High frequency ultrasound can also be used to study diffuse cutaneous conditions. Among them, ultrasound can provide a valid morphologic representation of psoriatic skin lesions and it is also a noninvasive and accurate method for evaluating the therapeutic efficacy of antipsoriatic drugs. In scleroderma, sonographic findings vary depending on disease activity and the patterns vary; therefore, 22 MHz probes may also prove useful over the other instrumental tools to monitor the disease course and treatment efficacy in focal scleroderma. Other potential applications include allergic dermatitis, nodular erythema, dermatomyosis, sarcoidosis, lymphedema of the limbs and allergologic conditions. Ultrasound can also be used in monitoring the response to or complications of topic drugs administration, and in the follow-up of focal burns.

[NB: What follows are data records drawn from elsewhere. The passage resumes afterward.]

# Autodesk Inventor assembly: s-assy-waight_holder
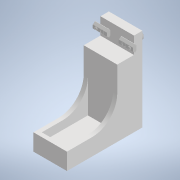
[picture p0: Inventor's stored thumbnail of the model, 180x180]
Saved by Autodesk Inventor 2022 (Build 260153000, 153)
## iProperties
Created: 2021-09-21
Part Number: s-assy-waight_holder
Document SubType Name: Assembly
Designer: yuto6
Author: yuto6
## Documents named in this file (4)
- C:\Users\yuto6\Box\Public_Share\キャチロボバトルコンテスト2021\CAD\catchrobo_hardware\assy-shooter\s-assy-waight_holder.iam
- C:\Users\yuto6\Box\Public_Share\キャチロボバトルコンテスト2021\CAD\catchrobo_hardware\assy-shooter\s_base8.ipt
- C:\Users\yuto6\Box\Public_Share\キャチロボバトルコンテスト2021\CAD\catchrobo_hardware\assy-shooter\HNTP5-5.ipt
- C:\Users\yuto6\Box\Public_Share\キャチロボバトルコンテスト2021\CAD\catchrobo_hardware\assy-shooter\CB5-15.ipt
## Components (5 placed, 3 different names)
1. s_base8:1 — メイト:1, 角度:1, 角度:2, メイト:2, メイト:3, メイト:4, メイト:5, メイト:6, メイト:7, メイト:8
2. HNTP5-5:1 — メイト:1, 角度:1, メイト:3
3. HNTP5-5:2 — 角度:2, メイト:2, メイト:4
4. CB5-15:1 — メイト:5, メイト:7
5. CB5-15:2 — メイト:6, メイト:8
## Relationships (10: Mate 8, Angle 2)
- メイト:1 [Mate]: s_base8:1 ↔ HNTP5-5:1
- 角度:1 [Angle] (0 deg): s_base8:1 ↔ HNTP5-5:1
- 角度:2 [Angle] (0 deg): s_base8:1 ↔ HNTP5-5:2
- メイト:2 [Mate]: s_base8:1 ↔ HNTP5-5:2
- メイト:3 [Mate] (1.3 mm): s_base8:1 ↔ HNTP5-5:1
- メイト:4 [Mate] (1.3 mm): s_base8:1 ↔ HNTP5-5:2
- メイト:5 [Mate]: s_base8:1 ↔ CB5-15:1
- メイト:6 [Mate]: s_base8:1 ↔ CB5-15:2
- メイト:7 [Mate]: s_base8:1 ↔ CB5-15:1
- メイト:8 [Mate]: s_base8:1 ↔ CB5-15:2
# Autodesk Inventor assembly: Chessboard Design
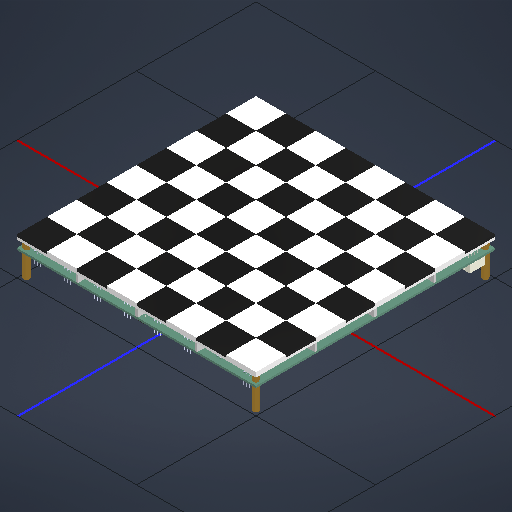
[picture p0: Inventor's stored thumbnail of the model, 512x512]
Saved by Autodesk Inventor 2026 (Build 300175000, 175)
## iProperties
Created: 2025-04-19
Part Number: Chessboard Design
Document SubType Name: Assembly
Designer: ckyiu
Author: ckyiu
## Documents named in this file (6)
- C:\Users\ckyiu\Documents\Projects\Chessboard-Design\Chessboard Design.iam
- C:\Users\ckyiu\Documents\Projects\Chessboard-Design\Assemblies\Chessboard Top.iam
- C:\Users\ckyiu\Documents\Projects\Chessboard-Design\Assemblies\PCBs\Chessboard Hardware Model.iam
- C:\Users\ckyiu\Documents\Projects\Chessboard-Design\Parts\Square Holder Support.ipt
- C:\Users\ckyiu\Documents\Projects\Chessboard-Design\Parts\Standoffs\M2.5 F-F Standoff 6mm.ipt
- C:\Users\ckyiu\Documents\Projects\Chessboard-Design\Parts\Standoffs\M2.5 F-M Standoff 20mm.ipt
## Components (11 placed, 5 different names)
1. Chessboard Top:1 [sub-assembly] — Flush:1, Flush:2, Mate:2
2. Chessboard Hardware Model:1 [sub-assembly] — Flush:1, Flush:2, Flush:3, Flush:4, Mate:1, Insert:1, Angle:1, Insert:2, Angle:2, Insert:3, Angle:3, Insert:4, Angle:4, Insert:5, Insert:6, Insert:7, Insert:8
3. Square Holder Support:1 — Flush:3, Flush:4, Mate:1, Mate:2
4. M2.5 F-F Standoff 6mm:1 — Insert:1, Angle:1, Angle:5
5. M2.5 F-F Standoff 6mm:2 — Insert:4, Angle:4, Angle:7
6. M2.5 F-F Standoff 6mm:3 — Insert:3, Angle:3, Angle:6
7. M2.5 F-F Standoff 6mm:4 — Insert:2, Angle:2, Angle:8
8. M2.5 F-M Standoff 20mm:1 — Insert:5, Angle:5
9. M2.5 F-M Standoff 20mm:2 — Insert:6, Angle:8
10. M2.5 F-M Standoff 20mm:3 — Insert:7, Angle:6
11. M2.5 F-M Standoff 20mm:4 — Insert:8, Angle:7
## Relationships (22: Insert 8, Angle 8, Flush 4, Mate 2)
- Flush:1: Chessboard Top:1 ↔ Chessboard Hardware Model:1
- Flush:2: Chessboard Top:1 ↔ Chessboard Hardware Model:1
- Flush:3: Chessboard Hardware Model:1 ↔ Square Holder Support:1
- Flush:4: Chessboard Hardware Model:1 ↔ Square Holder Support:1
- Mate:1: Chessboard Hardware Model:1 ↔ Square Holder Support:1
- Mate:2: Chessboard Top:1 ↔ Square Holder Support:1
- Insert:1: Chessboard Hardware Model:1 ↔ M2.5 F-F Standoff 6mm:1
- Angle:1 (0 deg): Chessboard Hardware Model:1 ↔ M2.5 F-F Standoff 6mm:1
- Insert:2: Chessboard Hardware Model:1 ↔ M2.5 F-F Standoff 6mm:4
- Angle:2 (0 deg): Chessboard Hardware Model:1 ↔ M2.5 F-F Standoff 6mm:4
- Insert:3: Chessboard Hardware Model:1 ↔ M2.5 F-F Standoff 6mm:3
- Angle:3 (0 deg): Chessboard Hardware Model:1 ↔ M2.5 F-F Standoff 6mm:3
- Insert:4: Chessboard Hardware Model:1 ↔ M2.5 F-F Standoff 6mm:2
- Angle:4 (0 deg): Chessboard Hardware Model:1 ↔ M2.5 F-F Standoff 6mm:2
- Insert:5: Chessboard Hardware Model:1 ↔ M2.5 F-M Standoff 20mm:1
- Insert:6: Chessboard Hardware Model:1 ↔ M2.5 F-M Standoff 20mm:2
- Insert:7: Chessboard Hardware Model:1 ↔ M2.5 F-M Standoff 20mm:3
- Insert:8: Chessboard Hardware Model:1 ↔ M2.5 F-M Standoff 20mm:4
- Angle:5 (0 deg): M2.5 F-F Standoff 6mm:1 ↔ M2.5 F-M Standoff 20mm:1
- Angle:6 (0 deg): M2.5 F-F Standoff 6mm:3 ↔ M2.5 F-M Standoff 20mm:3
- Angle:7 (0 deg): M2.5 F-F Standoff 6mm:2 ↔ M2.5 F-M Standoff 20mm:4
- Angle:8 (0 deg): M2.5 F-F Standoff 6mm:4 ↔ M2.5 F-M Standoff 20mm:2
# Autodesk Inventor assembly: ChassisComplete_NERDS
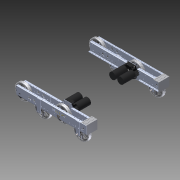
[picture p0: Inventor's stored thumbnail of the model, 180x180]
Saved by Autodesk Inventor 2014 (Build 180170000, 170)
## iProperties
Created: 2016-01-19
Part Number: ChassisComplete_NERDS
Document SubType Name: Assembly
Designer: choices
Author: choices
## Documents named in this file (12)
- Z:\Nerds_1726\Robot\Chassis\ChassisComplete_NERDS.iam
- Z:\Nerds_1726\AndyMark_Parts\6 HiGrip with hub and double pulley.iam
- Z:\Nerds_1726\AndyMark_Parts\FR8ZZ Hex Bearing.ipt
- Z:\Nerds_1726\AndyMark_Parts\am-2598_107 2016 KOP Toughbox Mini.iam
- Z:\Nerds_1726\AndyMark_Parts\6 HiGrip with bearings, pulleys and spacers.iam
- Z:\Nerds_1726\Robot\Chassis\Chass_InsideSheetTabs.ipt
- Z:\Nerds_1726\AndyMark_Parts\375-16 x 4.25 Hex Bolt_HFBOLT 0.375-16x2.5x1-C.ipt
- Z:\Nerds_1726\Robot\Chassis\Chassis_OutsideSheetCustom.ipt
- Z:\Nerds_1726\Robot\Chassis\Chassis_OutsideSheetCustomLeft.ipt
- Z:\Nerds_1726\Robot\Chassis\Chass_InsideSheetTabsLeft.ipt
- Z:\Nerds_1726\Robot\Chassis\Chass_EndCaps.ipt
- Z:\Nerds_1726\Robot\Chassis\Chassis_Motor.ipt
## Components (24 placed, 11 different names)
1. 6 HiGrip with hub and double pulley:1 [sub-assembly] — Mate:7, Mate:8, Mate:9
2. am-2598_107 2016 KOP Toughbox Mini:1 [sub-assembly] — Mate:8, Mate:9, Mate:12, Mate:14, Flush:1, Mate:15, Mate:16, Mate:17, Insert:19, Insert:20
3. FR8ZZ Hex Bearing:1 — Mate:7, Mate:12, Mate:14, Flush:1, Mate:18, Mate:19
4. 6 HiGrip with bearings, pulleys and spacers:1 [sub-assembly] — Insert:5, Tangent:1
5. Chass_InsideSheetTabs:1 — Mate:15, Mate:16, Mate:17, Insert:5, Insert:6, Insert:8, Flush:2
6. 6 HiGrip with bearings, pulleys and spacers:2 [sub-assembly] — Insert:6
7. 6 HiGrip with bearings, pulleys and spacers:4 [sub-assembly] — Insert:8
8. Chassis_OutsideSheetCustom:1 — Mate:18, Mate:19, Insert:9, Flush:3, Mate:29, Mate:31, Mate:32
9. 375-16 x 4.25 Hex Bolt_HFBOLT 0.375-16x2.5x1-C:1 — Insert:9, Tangent:1
10. Chassis_OutsideSheetCustomLeft:1 — Insert:12, Insert:13, Insert:15, Flush:3, Mate:27, Mate:28, Mate:33
11. Chass_InsideSheetTabsLeft:1 — Mate:26, Insert:10, Insert:11, Insert:14, Insert:16, Flush:2
12. 6 HiGrip with hub and double pulley:2 [sub-assembly] — Mate:20, Mate:21, Mate:22, Mate:23
13. 6 HiGrip with bearings, pulleys and spacers:5 [sub-assembly] — Insert:13, Tangent:2
14. 6 HiGrip with bearings, pulleys and spacers:6 [sub-assembly] — Insert:15
15. 6 HiGrip with bearings, pulleys and spacers:7 [sub-assembly] — Insert:16
16. am-2598_107 2016 KOP Toughbox Mini:2 [sub-assembly] — Mate:20, Mate:21, Mate:22, Mate:24, Mate:25, Mate:26, Insert:10, Insert:11, Insert:17, Insert:18
17. FR8ZZ Hex Bearing:2 — Mate:23, Mate:24, Mate:25, Insert:12
18. 375-16 x 4.25 Hex Bolt_HFBOLT 0.375-16x2.5x1-C:2 — Insert:14, Tangent:2
19. Chass_EndCaps:1 — Mate:29, Mate:31, Mate:32
20. Chass_EndCaps:2 — Mate:27, Mate:28, Mate:33
21. Chassis_Motor:1 — Insert:17
22. Chassis_Motor:2 — Insert:20
23. Chassis_Motor:3 — Insert:18
24. Chassis_Motor:4 — Insert:19
## Relationships (43: Mate 23, Insert 15, Flush 3, Tangent 2)
- Mate:7: 6 HiGrip with hub and double pulley:1 ↔ FR8ZZ Hex Bearing:1
- Mate:8: 6 HiGrip with hub and double pulley:1 ↔ am-2598_107 2016 KOP Toughbox Mini:1
- Mate:9: 6 HiGrip with hub and double pulley:1 ↔ am-2598_107 2016 KOP Toughbox Mini:1
- Mate:12: am-2598_107 2016 KOP Toughbox Mini:1 ↔ FR8ZZ Hex Bearing:1
- Mate:14: am-2598_107 2016 KOP Toughbox Mini:1 ↔ FR8ZZ Hex Bearing:1
- Flush:1: am-2598_107 2016 KOP Toughbox Mini:1 ↔ FR8ZZ Hex Bearing:1
- Mate:15: am-2598_107 2016 KOP Toughbox Mini:1 ↔ Chass_InsideSheetTabs:1
- Mate:16: am-2598_107 2016 KOP Toughbox Mini:1 ↔ Chass_InsideSheetTabs:1
- Mate:17: am-2598_107 2016 KOP Toughbox Mini:1 ↔ Chass_InsideSheetTabs:1
- Insert:5: 6 HiGrip with bearings, pulleys and spacers:1 ↔ Chass_InsideSheetTabs:1
- Insert:6: Chass_InsideSheetTabs:1 ↔ 6 HiGrip with bearings, pulleys and spacers:2
- Insert:8: Chass_InsideSheetTabs:1 ↔ 6 HiGrip with bearings, pulleys and spacers:4
- Mate:18: FR8ZZ Hex Bearing:1 ↔ Chassis_OutsideSheetCustom:1
- Mate:19: FR8ZZ Hex Bearing:1 ↔ Chassis_OutsideSheetCustom:1
- Insert:9: Chassis_OutsideSheetCustom:1 ↔ 375-16 x 4.25 Hex Bolt_HFBOLT 0.375-16x2.5x1-C:1
- Tangent:1: 6 HiGrip with bearings, pulleys and spacers:1 ↔ 375-16 x 4.25 Hex Bolt_HFBOLT 0.375-16x2.5x1-C:1
- Mate:20: 6 HiGrip with hub and double pulley:2 ↔ am-2598_107 2016 KOP Toughbox Mini:2
- Mate:21: 6 HiGrip with hub and double pulley:2 ↔ am-2598_107 2016 KOP Toughbox Mini:2
- Mate:22: 6 HiGrip with hub and double pulley:2 ↔ am-2598_107 2016 KOP Toughbox Mini:2
- Mate:23: 6 HiGrip with hub and double pulley:2 ↔ FR8ZZ Hex Bearing:2
- Mate:24: am-2598_107 2016 KOP Toughbox Mini:2 ↔ FR8ZZ Hex Bearing:2
- Mate:25: am-2598_107 2016 KOP Toughbox Mini:2 ↔ FR8ZZ Hex Bearing:2
- Mate:26: Chass_InsideSheetTabsLeft:1 ↔ am-2598_107 2016 KOP Toughbox Mini:2
- Insert:10: Chass_InsideSheetTabsLeft:1 ↔ am-2598_107 2016 KOP Toughbox Mini:2
- Insert:11: Chass_InsideSheetTabsLeft:1 ↔ am-2598_107 2016 KOP Toughbox Mini:2
- Insert:12: Chassis_OutsideSheetCustomLeft:1 ↔ FR8ZZ Hex Bearing:2
- Insert:13: Chassis_OutsideSheetCustomLeft:1 ↔ 6 HiGrip with bearings, pulleys and spacers:5
- Insert:14: Chass_InsideSheetTabsLeft:1 ↔ 375-16 x 4.25 Hex Bolt_HFBOLT 0.375-16x2.5x1-C:2
- Tangent:2: 6 HiGrip with bearings, pulleys and spacers:5 ↔ 375-16 x 4.25 Hex Bolt_HFBOLT 0.375-16x2.5x1-C:2
- Insert:15: Chassis_OutsideSheetCustomLeft:1 ↔ 6 HiGrip with bearings, pulleys and spacers:6
- Insert:16: Chass_InsideSheetTabsLeft:1 ↔ 6 HiGrip with bearings, pulleys and spacers:7
- Flush:2: Chass_InsideSheetTabs:1 ↔ Chass_InsideSheetTabsLeft:1
- Flush:3: Chassis_OutsideSheetCustom:1 ↔ Chassis_OutsideSheetCustomLeft:1
- Mate:27: Chassis_OutsideSheetCustomLeft:1 ↔ Chass_EndCaps:2
- Mate:28: Chassis_OutsideSheetCustomLeft:1 ↔ Chass_EndCaps:2
- Mate:29: Chassis_OutsideSheetCustom:1 ↔ Chass_EndCaps:1
- Insert:17: am-2598_107 2016 KOP Toughbox Mini:2 ↔ Chassis_Motor:1
- Insert:18: am-2598_107 2016 KOP Toughbox Mini:2 ↔ Chassis_Motor:3
- Insert:19: am-2598_107 2016 KOP Toughbox Mini:1 ↔ Chassis_Motor:4
- Insert:20: am-2598_107 2016 KOP Toughbox Mini:1 ↔ Chassis_Motor:2
- Mate:31: Chassis_OutsideSheetCustom:1 ↔ Chass_EndCaps:1
- Mate:32: Chassis_OutsideSheetCustom:1 ↔ Chass_EndCaps:1
- Mate:33: Chassis_OutsideSheetCustomLeft:1 ↔ Chass_EndCaps:2

CONCLUSION: High frequency ultrasound can provide a reliable morphologic representation of skin lesions but it is also an accurate noninvasive tool for monitoring the therapeutic efficacy of drugs administration in focal or diffuse diseases. The application of high frequency studies to dermatology is very challenging. Indeed, the very high frequency probes up to 22 MHz currently available are particularly useful for reliable studies. Contrast-enhanced color and power doppler are very promising techniques. Advancements in technology will improve the correlation of clinical with high frequency ultrasound findings in the assessment of several skin diseases.